Revenons en Inde. Nous avons passé quelque temps en Europe et, dans de nombreuses lettres, nous avons essayé de regarder sous l’agitation, la lutte et la guerre, et de comprendre ce qui s’y passait aux XVIe et XVIIe siècles. Je me demande quelles impressions tu as tirées de cette période en Europe. Quelles que soient tes impressions, elles doivent être très mitigées, et ce n’est pas surprenant, car l’Europe était à ce moment-là un endroit très mélangé et curieux.

Une guerre continue et barbare, un fanatisme religieux et une cruauté sans égal dans l’histoire, l’autocratie et le «droit divin» des rois, une aristocratie dégénérée et une exploitation éhontée du peuple. La Chine semblait avoir une longueur d’avance sur tout cela – elle était un pays cultivé, artistique, tolérant et plus ou moins pacifique. L’Inde, malgré les perturbations et la dégénérescence, se comparait favorablement à bien des égards.

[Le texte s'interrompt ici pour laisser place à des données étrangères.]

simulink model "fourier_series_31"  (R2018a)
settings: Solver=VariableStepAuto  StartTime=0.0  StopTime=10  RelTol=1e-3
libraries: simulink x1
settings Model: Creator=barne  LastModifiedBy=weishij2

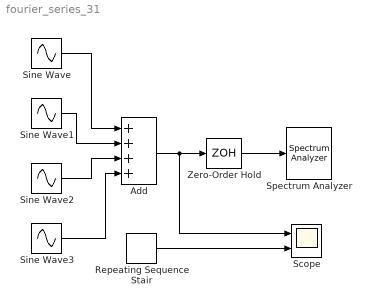
== system fourier_series_31 ==
  Add : Sum  Inputs=++++
  Repeating Sequence Stair : simulink/Sources/Repeating Sequence Stair  OutValues=[-1 1]  tsamp=1/64  OutMin=[]  OutMax=[]  OutDataTypeStr=double  OutputDataTypeScalingMode=double  OutDataType=fixdt(0,8)  ConRadixGroup=Best Precision: Vector-wise  OutScaling=2^-12
  Scope : Scope  NumInputPorts=2
  Sine Wave : Sin  Amplitude=(4/pi)*(1/1)  Frequency=2*pi*1*32  SampleTime=0
  Sine Wave1 : Sin  Amplitude=(4/pi)*(1/3)  Frequency=2*pi*3*32  SampleTime=0
  Sine Wave2 : Sin  Amplitude=(4/pi)*(1/5)  Frequency=2*pi*5*32  SampleTime=0
  Sine Wave3 : Sin  Amplitude=(4/pi)*(1/7)  Frequency=2*pi*7*32  SampleTime=0
  Spectrum Analyzer : SpectrumAnalyzer
  Zero-Order Hold : ZeroOrderHold  SampleTime=2^(-10)
  wires:
  Zero-Order Hold/1 -> Spectrum Analyzer/1
  Sine Wave/1 -> Add/1
  Sine Wave1/1 -> Add/2
  Sine Wave2/1 -> Add/3
  Sine Wave3/1 -> Add/4
  Add/1 -> Scope/1, Zero-Order Hold/1
  Repeating Sequence Stair/1 -> Scope/2

Mais l’Europe a également montré un visage différent et plus agréable. Il y avait les débuts de la science moderne visibles, et l’idée de la liberté populaire commence à grandir et à ébranler les trônes des rois. Au-dessous de ces derniers, et la cause de celles-ci et de la plupart des autres activités, se trouve le développement commercial et industriel des pays d’Europe occidentale et nord-ouest. De grandes villes se développent, pleines de marchands commerçant avec des pays lointains, et fredonnant avec l’activité industrielle des artisans. Partout en Europe occidentale, des guildes d’artisans – c’est-à-dire des associations d’artisans et d’artisans – grandissent. Ces classes marchandes et industrielles forment la bourgeoisie, la nouvelle classe moyenne. Cette classe grandit, mais elle rencontre de nombreux obstacles – politiques, sociaux et religieux. En politique et en organisation sociale, il y a les restes du système féodal. Ce système appartenait à une époque révolue et ne cadrait pas avec les nouvelles conditions et entravait le commerce et l’industrie. Les seigneurs féodaux facturaient toutes sortes de péages et de taxes qui irritaient les classes commerçantes. La bourgeoisie s’est donc engagée à retirer cette classe du pouvoir. Le roi n’aimait pas non plus les nobles féodaux, car ils voulaient empiéter sur son pouvoir. Le roi et la bourgeoisie devinrent donc des alliés contre les seigneurs féodaux et les privèrent d’une réelle influence. En conséquence, le roi devient plus puissant et autocratique.

De la même manière, on a estimé que l’organisation religieuse de l’époque en Europe occidentale, ainsi que les idées religieuses dominantes et les notions de faire des affaires, entravaient la croissance du commerce et de l’industrie. La religion elle-même était liée au système féodal à bien des égards, et l’Église, comme je vous l’ai dit, était le plus grand propriétaire féodal. Pendant de nombreuses années auparavant, des individus et des groupes s’étaient levés pour critiquer et défier l’Église romaine. Mais ils n’ont pas fait de grande différence. Maintenant, cependant, toute la bourgeoisie montante voulait un changement, et ainsi le mouvement pour la réforme est devenu puissant.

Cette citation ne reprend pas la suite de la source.